Segment Start: Input
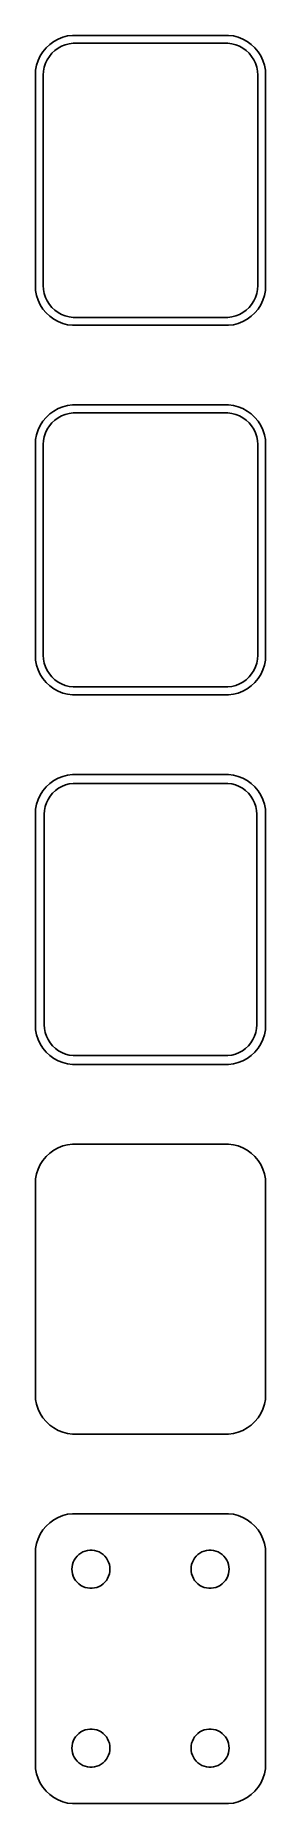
# Model space of a CAD drawing. Header units: metres. Extents: x -14 to 14, y 168 to 390.
import ezdxf

# ---------------------------------------------------------------- set-up
doc = ezdxf.new("R2010")
doc.units = ezdxf.units.M

msp = doc.modelspace()

# ---------------------------------------------------------------- linework, layer by layer
for p, q in [((-12.1791, 389.472), (-12.6871, 389.103)), ((-11.6289, 389.774), (-12.1791, 389.472)), ((-11.0451, 390.005), (-11.6289, 389.774)), ((-10.4369, 390.161), (-11.0451, 390.005)), ((-9.81395, 390.24), (-10.4369, 390.161)), ((9.81395, 390.24), (-9.81395, 390.24)), ((10.4369, 390.161), (9.81395, 390.24)), ((11.0451, 390.005), (10.4369, 390.161)), ((11.6289, 389.774), (11.0451, 390.005)), ((12.1791, 389.472), (11.6289, 389.774)), ((12.6871, 389.103), (12.1791, 389.472)), ((-13.8815, 387.659), (-14.1489, 387.091)), ((-13.5451, 388.189), (-13.8815, 387.659)), ((-13.1448, 388.673), (-13.5451, 388.189)), ((-13.2191, 386.722), (-13.0052, 387.177)), ((-12.6871, 389.103), (-13.1448, 388.673)), ((-13.0052, 387.177), (-12.7361, 387.601)), ((-12.7361, 387.601), (-12.4159, 387.988)), ((-12.4159, 387.988), (-12.0497, 388.332)), ((-12.0497, 388.332), (-11.6433, 388.627)), ((-11.6433, 388.627), (-11.2031, 388.869)), ((-11.2031, 388.869), (-10.7361, 389.054)), ((-10.7361, 389.054), (-10.2495, 389.179)), ((-10.2495, 389.179), (-9.75116, 389.242)), ((-9.75116, 389.242), (9.75116, 389.242)), ((9.75116, 389.242), (10.2495, 389.179)), ((10.2495, 389.179), (10.7361, 389.054)), ((10.7361, 389.054), (11.2031, 388.869)), ((11.2031, 388.869), (11.6433, 388.627)), ((11.6433, 388.627), (12.0497, 388.332)), ((12.0497, 388.332), (12.4159, 387.988)), ((12.4159, 387.988), (12.7361, 387.601)), ((13.1448, 388.673), (12.6871, 389.103)), ((12.7361, 387.601), (13.0052, 387.177)), ((13.0052, 387.177), (13.2191, 386.722)), ((13.5451, 388.189), (13.1448, 388.673)), ((13.8815, 387.659), (13.5451, 388.189)), ((14.1489, 387.091), (13.8815, 387.659)), ((-14.4606, 385.877), (-14.5, 385.25)), ((-14.5, 385.25), (-14.5, 358.75)), ((-14.3429, 386.493), (-14.4606, 385.877)), ((-14.1489, 387.091), (-14.3429, 386.493)), ((-13.5, 385.25), (-13.4684, 385.751)), ((-13.5, 358.75), (-13.5, 385.25)), ((-13.4684, 385.751), (-13.3743, 386.245)), ((-13.3743, 386.245), (-13.2191, 386.722)), ((13.2191, 386.722), (13.3743, 386.245)), ((13.3743, 386.245), (13.4684, 385.751)), ((13.4684, 385.751), (13.5, 385.25)), ((13.5, 385.25), (13.5, 358.75)), ((14.3429, 386.493), (14.1489, 387.091)), ((14.4606, 385.877), (14.3429, 386.493)), ((14.5, 385.25), (14.4606, 385.877)), ((14.5, 358.75), (14.5, 385.25)), ((-14.5, 358.75), (-14.4606, 358.123)), ((-13.4684, 358.249), (-13.5, 358.75)), ((-13.3743, 357.755), (-13.4684, 358.249)), ((13.4684, 358.249), (13.3743, 357.755)), ((13.5, 358.75), (13.4684, 358.249)), ((14.4606, 358.123), (14.5, 358.75)), ((-14.4606, 358.123), (-14.3429, 357.507)), ((-14.3429, 357.507), (-14.1489, 356.909)), ((-14.1489, 356.909), (-13.8815, 356.341)), ((-13.8815, 356.341), (-13.5451, 355.811)), ((-13.2191, 357.278), (-13.3743, 357.755)), ((-13.0052, 356.823), (-13.2191, 357.278)), ((-12.7361, 356.399), (-13.0052, 356.823)), ((-12.4159, 356.012), (-12.7361, 356.399)), ((-12.0497, 355.668), (-12.4159, 356.012)), ((12.4159, 356.012), (12.0497, 355.668)), ((12.7361, 356.399), (12.4159, 356.012)), ((13.0052, 356.823), (12.7361, 356.399)), ((13.2191, 357.278), (13.0052, 356.823)), ((13.3743, 357.755), (13.2191, 357.278)), ((13.5451, 355.811), (13.8815, 356.341)), ((13.8815, 356.341), (14.1489, 356.909)), ((14.1489, 356.909), (14.3429, 357.507)), ((14.3429, 357.507), (14.4606, 358.123)), ((-13.5451, 355.811), (-13.1448, 355.327)), ((-13.1448, 355.327), (-12.6871, 354.897)), ((-12.6871, 354.897), (-12.1791, 354.528)), ((-12.1791, 354.528), (-11.6289, 354.226)), ((-11.6433, 355.373), (-12.0497, 355.668)), ((-11.2031, 355.131), (-11.6433, 355.373)), ((-11.6289, 354.226), (-11.0451, 353.995)), ((-10.7361, 354.946), (-11.2031, 355.131)), ((-11.0451, 353.995), (-10.4369, 353.839)), ((-10.2495, 354.821), (-10.7361, 354.946)), ((-10.4369, 353.839), (-9.81395, 353.76)), ((-9.75116, 354.758), (-10.2495, 354.821)), ((-9.81395, 353.76), (9.81395, 353.76)), ((9.75116, 354.758), (-9.75116, 354.758)), ((10.2495, 354.821), (9.75116, 354.758)), ((9.81395, 353.76), (10.4369, 353.839)), ((10.7361, 354.946), (10.2495, 354.821)), ((10.4369, 353.839), (11.0451, 353.995)), ((11.2031, 355.131), (10.7361, 354.946)), ((11.0451, 353.995), (11.6289, 354.226)), ((11.6433, 355.373), (11.2031, 355.131)), ((11.6289, 354.226), (12.1791, 354.528)), ((12.0497, 355.668), (11.6433, 355.373)), ((12.1791, 354.528), (12.6871, 354.897)), ((12.6871, 354.897), (13.1448, 355.327)), ((13.1448, 355.327), (13.5451, 355.811)), ((-12.1791, 342.972), (-12.6871, 342.603)), ((-11.6289, 343.274), (-12.1791, 342.972)), ((-11.0451, 343.505), (-11.6289, 343.274)), ((-10.4369, 343.661), (-11.0451, 343.505)), ((-10.7361, 342.554), (-10.2495, 342.679)), ((-9.81395, 343.74), (-10.4369, 343.661)), ((-10.2495, 342.679), (-9.75116, 342.742)), ((9.81395, 343.74), (-9.81395, 343.74)), ((-9.75116, 342.742), (9.75116, 342.742)), ((9.75116, 342.742), (10.2495, 342.679)), ((10.4369, 343.661), (9.81395, 343.74)), ((10.2495, 342.679), (10.7361, 342.554)), ((11.0451, 343.505), (10.4369, 343.661)), ((11.6289, 343.274), (11.0451, 343.505)), ((12.1791, 342.972), (11.6289, 343.274)), ((12.6871, 342.603), (12.1791, 342.972)), ((-14.1489, 340.591), (-14.3429, 339.993)), ((-13.8815, 341.159), (-14.1489, 340.591)), ((-13.5451, 341.689), (-13.8815, 341.159)), ((-13.1448, 342.173), (-13.5451, 341.689)), ((-13.2191, 340.222), (-13.0052, 340.677)), ((-12.6871, 342.603), (-13.1448, 342.173)), ((-13.0052, 340.677), (-12.7361, 341.101)), ((-12.7361, 341.101), (-12.4159, 341.488)), ((-12.4159, 341.488), (-12.0497, 341.832)), ((-12.0497, 341.832), (-11.6433, 342.127)), ((-11.6433, 342.127), (-11.2031, 342.369)), ((-11.2031, 342.369), (-10.7361, 342.554)), ((10.7361, 342.554), (11.2031, 342.369)), ((11.2031, 342.369), (11.6433, 342.127)), ((11.6433, 342.127), (12.0497, 341.832)), ((12.0497, 341.832), (12.4159, 341.488)), ((12.4159, 341.488), (12.7361, 341.101)), ((13.1448, 342.173), (12.6871, 342.603)), ((12.7361, 341.101), (13.0052, 340.677)), ((13.0052, 340.677), (13.2191, 340.222)), ((13.5451, 341.689), (13.1448, 342.173)), ((13.8815, 341.159), (13.5451, 341.689)), ((14.1489, 340.591), (13.8815, 341.159)), ((14.3429, 339.993), (14.1489, 340.591)), ((-14.4606, 339.377), (-14.5, 338.75)), ((-14.5, 338.75), (-14.5, 312.25)), ((-14.3429, 339.993), (-14.4606, 339.377)), ((-13.5, 338.75), (-13.4684, 339.251)), ((-13.5, 312.25), (-13.5, 338.75)), ((-13.4684, 339.251), (-13.3743, 339.745)), ((-13.3743, 339.745), (-13.2191, 340.222)), ((13.2191, 340.222), (13.3743, 339.745)), ((13.3743, 339.745), (13.4684, 339.251)), ((13.4684, 339.251), (13.5, 338.75)), ((13.5, 338.75), (13.5, 312.25)), ((14.4606, 339.377), (14.3429, 339.993)), ((14.5, 338.75), (14.4606, 339.377)), ((14.5, 312.25), (14.5, 338.75)), ((-14.5, 312.25), (-14.4606, 311.623)), ((-14.4606, 311.623), (-14.3429, 311.007)), ((-13.4684, 311.749), (-13.5, 312.25)), ((-13.3743, 311.255), (-13.4684, 311.749)), ((13.4684, 311.749), (13.3743, 311.255)), ((13.5, 312.25), (13.4684, 311.749)), ((14.3429, 311.007), (14.4606, 311.623)), ((14.4606, 311.623), (14.5, 312.25)), ((-14.3429, 311.007), (-14.1489, 310.409)), ((-14.1489, 310.409), (-13.8815, 309.841)), ((-13.8815, 309.841), (-13.5451, 309.311)), ((-13.5451, 309.311), (-13.1448, 308.827)), ((-13.2191, 310.778), (-13.3743, 311.255)), ((-13.0052, 310.323), (-13.2191, 310.778)), ((-12.7361, 309.899), (-13.0052, 310.323)), ((-12.4159, 309.512), (-12.7361, 309.899)), ((-12.0497, 309.168), (-12.4159, 309.512)), ((12.4159, 309.512), (12.0497, 309.168)), ((12.7361, 309.899), (12.4159, 309.512)), ((13.0052, 310.323), (12.7361, 309.899)), ((13.2191, 310.778), (13.0052, 310.323)), ((13.1448, 308.827), (13.5451, 309.311)), ((13.3743, 311.255), (13.2191, 310.778)), ((13.5451, 309.311), (13.8815, 309.841)), ((13.8815, 309.841), (14.1489, 310.409)), ((14.1489, 310.409), (14.3429, 311.007)), ((-13.1448, 308.827), (-12.6871, 308.397)), ((-12.6871, 308.397), (-12.1791, 308.028)), ((-12.1791, 308.028), (-11.6289, 307.726)), ((-11.6433, 308.873), (-12.0497, 309.168)), ((-11.2031, 308.631), (-11.6433, 308.873)), ((-11.6289, 307.726), (-11.0451, 307.495)), ((-10.7361, 308.446), (-11.2031, 308.631)), ((-11.0451, 307.495), (-10.4369, 307.339)), ((-10.2495, 308.321), (-10.7361, 308.446)), ((-10.4369, 307.339), (-9.81395, 307.26)), ((-9.75116, 308.258), (-10.2495, 308.321)), ((-9.81395, 307.26), (9.81395, 307.26)), ((9.75116, 308.258), (-9.75116, 308.258)), ((10.2495, 308.321), (9.75116, 308.258)), ((9.81395, 307.26), (10.4369, 307.339)), ((10.7361, 308.446), (10.2495, 308.321)), ((10.4369, 307.339), (11.0451, 307.495)), ((11.2031, 308.631), (10.7361, 308.446)), ((11.0451, 307.495), (11.6289, 307.726)), ((11.6433, 308.873), (11.2031, 308.631)), ((11.6289, 307.726), (12.1791, 308.028)), ((12.0497, 309.168), (11.6433, 308.873)), ((12.1791, 308.028), (12.6871, 308.397)), ((12.6871, 308.397), (13.1448, 308.827)), ((-12.6871, 296.103), (-13.1448, 295.673)), ((-12.1791, 296.472), (-12.6871, 296.103)), ((-11.6289, 296.774), (-12.1791, 296.472)), ((-11.0451, 297.005), (-11.6289, 296.774)), ((-11.1489, 295.754), (-10.6967, 295.933)), ((-10.4369, 297.161), (-11.0451, 297.005)), ((-10.6967, 295.933), (-10.2256, 296.054)), ((-9.81395, 297.24), (-10.4369, 297.161)), ((-10.2256, 296.054), (-9.74316, 296.115)), ((9.81395, 297.24), (-9.81395, 297.24)), ((-9.74316, 296.115), (9.74316, 296.115)), ((9.74316, 296.115), (10.2256, 296.054)), ((10.4369, 297.161), (9.81395, 297.24)), ((10.2256, 296.054), (10.6967, 295.933)), ((11.0451, 297.005), (10.4369, 297.161)), ((10.6967, 295.933), (11.1489, 295.754)), ((11.6289, 296.774), (11.0451, 297.005)), ((12.1791, 296.472), (11.6289, 296.774)), ((12.6871, 296.103), (12.1791, 296.472)), ((13.1448, 295.673), (12.6871, 296.103)), ((-14.1489, 294.091), (-14.3429, 293.493)), ((-13.8815, 294.659), (-14.1489, 294.091)), ((-13.5451, 295.189), (-13.8815, 294.659)), ((-13.1448, 295.673), (-13.5451, 295.189)), ((-13.251, 293.213), (-13.1007, 293.676)), ((-13.1007, 293.676), (-12.8936, 294.116)), ((-12.8936, 294.116), (-12.633, 294.526)), ((-12.633, 294.526), (-12.323, 294.901)), ((-12.323, 294.901), (-11.9685, 295.234)), ((-11.9685, 295.234), (-11.5751, 295.52)), ((-11.5751, 295.52), (-11.1489, 295.754)), ((11.1489, 295.754), (11.5751, 295.52)), ((11.5751, 295.52), (11.9685, 295.234)), ((11.9685, 295.234), (12.323, 294.901)), ((12.323, 294.901), (12.633, 294.526)), ((12.633, 294.526), (12.8936, 294.116)), ((12.8936, 294.116), (13.1007, 293.676)), ((13.1007, 293.676), (13.251, 293.213)), ((13.5451, 295.189), (13.1448, 295.673)), ((13.8815, 294.659), (13.5451, 295.189)), ((14.1489, 294.091), (13.8815, 294.659)), ((14.3429, 293.493), (14.1489, 294.091)), ((-14.4606, 292.877), (-14.5, 292.25)), ((-14.5, 292.25), (-14.5, 265.75)), ((-14.3429, 293.493), (-14.4606, 292.877)), ((-13.3726, 292.25), (-13.3421, 292.735)), ((-13.3726, 265.75), (-13.3726, 292.25)), ((-13.3421, 292.735), (-13.251, 293.213)), ((13.251, 293.213), (13.3421, 292.735)), ((13.3421, 292.735), (13.3726, 292.25)), ((13.3726, 292.25), (13.3726, 265.75)), ((14.4606, 292.877), (14.3429, 293.493)), ((14.5, 292.25), (14.4606, 292.877)), ((14.5, 265.75), (14.5, 292.25)), ((-14.5, 265.75), (-14.4606, 265.123)), ((-14.4606, 265.123), (-14.3429, 264.507)), ((-13.3421, 265.265), (-13.3726, 265.75)), ((-13.251, 264.787), (-13.3421, 265.265)), ((-13.1007, 264.324), (-13.251, 264.787)), ((13.251, 264.787), (13.1007, 264.324)), ((13.3421, 265.265), (13.251, 264.787)), ((13.3726, 265.75), (13.3421, 265.265)), ((14.3429, 264.507), (14.4606, 265.123)), ((14.4606, 265.123), (14.5, 265.75)), ((-14.3429, 264.507), (-14.1489, 263.909)), ((-14.1489, 263.909), (-13.8815, 263.341)), ((-13.8815, 263.341), (-13.5451, 262.811)), ((-13.5451, 262.811), (-13.1448, 262.327)), ((-12.8936, 263.884), (-13.1007, 264.324)), ((-12.633, 263.474), (-12.8936, 263.884)), ((-12.323, 263.099), (-12.633, 263.474)), ((-11.9685, 262.766), (-12.323, 263.099)), ((-11.5751, 262.48), (-11.9685, 262.766)), ((11.9685, 262.766), (11.5751, 262.48)), ((12.323, 263.099), (11.9685, 262.766)), ((12.633, 263.474), (12.323, 263.099)), ((12.8936, 263.884), (12.633, 263.474)), ((13.1007, 264.324), (12.8936, 263.884)), ((13.1448, 262.327), (13.5451, 262.811)), ((13.5451, 262.811), (13.8815, 263.341)), ((13.8815, 263.341), (14.1489, 263.909)), ((14.1489, 263.909), (14.3429, 264.507)), ((-13.1448, 262.327), (-12.6871, 261.897)), ((-12.6871, 261.897), (-12.1791, 261.528)), ((-12.1791, 261.528), (-11.6289, 261.226)), ((-11.6289, 261.226), (-11.0451, 260.995)), ((-11.1489, 262.246), (-11.5751, 262.48)), ((-10.6967, 262.067), (-11.1489, 262.246)), ((-11.0451, 260.995), (-10.4369, 260.839)), ((-10.2256, 261.946), (-10.6967, 262.067)), ((-10.4369, 260.839), (-9.81395, 260.76)), ((-9.74316, 261.885), (-10.2256, 261.946)), ((-9.81395, 260.76), (9.81395, 260.76)), ((9.74316, 261.885), (-9.74316, 261.885)), ((10.2256, 261.946), (9.74316, 261.885)), ((9.81395, 260.76), (10.4369, 260.839)), ((10.6967, 262.067), (10.2256, 261.946)), ((10.4369, 260.839), (11.0451, 260.995)), ((11.1489, 262.246), (10.6967, 262.067)), ((11.0451, 260.995), (11.6289, 261.226)), ((11.5751, 262.48), (11.1489, 262.246)), ((11.6289, 261.226), (12.1791, 261.528)), ((12.1791, 261.528), (12.6871, 261.897)), ((12.6871, 261.897), (13.1448, 262.327)), ((-12.6871, 249.603), (-13.1448, 249.173)), ((-12.1791, 249.972), (-12.6871, 249.603)), ((-11.6289, 250.274), (-12.1791, 249.972)), ((-11.0451, 250.505), (-11.6289, 250.274)), ((-10.4369, 250.661), (-11.0451, 250.505)), ((-9.81395, 250.74), (-10.4369, 250.661)), ((9.81395, 250.74), (-9.81395, 250.74)), ((10.4369, 250.661), (9.81395, 250.74)), ((11.0451, 250.505), (10.4369, 250.661)), ((11.6289, 250.274), (11.0451, 250.505)), ((12.1791, 249.972), (11.6289, 250.274)), ((12.6871, 249.603), (12.1791, 249.972)), ((13.1448, 249.173), (12.6871, 249.603)), ((-14.3429, 246.993), (-14.4606, 246.377)), ((-14.1489, 247.591), (-14.3429, 246.993)), ((-13.8815, 248.159), (-14.1489, 247.591)), ((-13.5451, 248.689), (-13.8815, 248.159)), ((-13.1448, 249.173), (-13.5451, 248.689)), ((13.5451, 248.689), (13.1448, 249.173)), ((13.8815, 248.159), (13.5451, 248.689)), ((14.1489, 247.591), (13.8815, 248.159)), ((14.3429, 246.993), (14.1489, 247.591)), ((14.4606, 246.377), (14.3429, 246.993)), ((-14.4606, 246.377), (-14.5, 245.75)), ((-14.5, 245.75), (-14.5, 219.25)), ((14.5, 245.75), (14.4606, 246.377)), ((14.5, 219.25), (14.5, 245.75)), ((-14.5, 219.25), (-14.4606, 218.623)), ((-14.4606, 218.623), (-14.3429, 218.007)), ((14.3429, 218.007), (14.4606, 218.623)), ((14.4606, 218.623), (14.5, 219.25)), ((-14.3429, 218.007), (-14.1489, 217.409)), ((-14.1489, 217.409), (-13.8815, 216.841)), ((-13.8815, 216.841), (-13.5451, 216.311)), ((-13.5451, 216.311), (-13.1448, 215.827)), ((-13.1448, 215.827), (-12.6871, 215.397)), ((12.6871, 215.397), (13.1448, 215.827)), ((13.1448, 215.827), (13.5451, 216.311)), ((13.5451, 216.311), (13.8815, 216.841)), ((13.8815, 216.841), (14.1489, 217.409)), ((14.1489, 217.409), (14.3429, 218.007)), ((-12.6871, 215.397), (-12.1791, 215.028)), ((-12.1791, 215.028), (-11.6289, 214.726)), ((-11.6289, 214.726), (-11.0451, 214.495)), ((-11.0451, 214.495), (-10.4369, 214.339)), ((-10.4369, 214.339), (-9.81395, 214.26)), ((-9.81395, 214.26), (9.81395, 214.26)), ((9.81395, 214.26), (10.4369, 214.339)), ((10.4369, 214.339), (11.0451, 214.495)), ((11.0451, 214.495), (11.6289, 214.726)), ((11.6289, 214.726), (12.1791, 215.028)), ((12.1791, 215.028), (12.6871, 215.397)), ((-13.1448, 202.673), (-13.5451, 202.189)), ((-12.6871, 203.103), (-13.1448, 202.673)), ((-12.1791, 203.472), (-12.6871, 203.103)), ((-11.6289, 203.774), (-12.1791, 203.472)), ((-11.0451, 204.005), (-11.6289, 203.774)), ((-10.4369, 204.161), (-11.0451, 204.005)), ((-9.81395, 204.24), (-10.4369, 204.161)), ((9.81395, 204.24), (-9.81395, 204.24)), ((10.4369, 204.161), (9.81395, 204.24)), ((11.0451, 204.005), (10.4369, 204.161)), ((11.6289, 203.774), (11.0451, 204.005)), ((12.1791, 203.472), (11.6289, 203.774)), ((12.6871, 203.103), (12.1791, 203.472)), ((13.1448, 202.673), (12.6871, 203.103)), ((13.5451, 202.189), (13.1448, 202.673)), ((-14.3429, 200.493), (-14.4606, 199.877)), ((-14.1489, 201.091), (-14.3429, 200.493)), ((-13.8815, 201.659), (-14.1489, 201.091)), ((-13.5451, 202.189), (-13.8815, 201.659)), ((13.8815, 201.659), (13.5451, 202.189)), ((14.1489, 201.091), (13.8815, 201.659)), ((14.3429, 200.493), (14.1489, 201.091)), ((14.4606, 199.877), (14.3429, 200.493)), ((-14.4606, 199.877), (-14.5, 199.25)), ((-14.5, 199.25), (-14.5, 172.75)), ((-9.82458, 197.847), (-9.73146, 198.133)), ((-9.73146, 198.133), (-9.60313, 198.406)), ((-9.60313, 198.406), (-9.44164, 198.661)), ((-9.44164, 198.661), (-9.24951, 198.893)), ((-9.24951, 198.893), (-9.02982, 199.099)), ((-9.02982, 199.099), (-8.78598, 199.276)), ((-8.78598, 199.276), (-8.52187, 199.422)), ((-8.52187, 199.422), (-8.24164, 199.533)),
Segment End: Input
## Your objective:
Would you copy, unchanged, the stretch of the records above that begins at the line containing "doc.units = ezdxf.units.M" and ends at the line containing "layer by layer", and only that?

## Answer section:
doc.units = ezdxf.units.M

msp = doc.modelspace()

# ---------------------------------------------------------------- linework, layer by layer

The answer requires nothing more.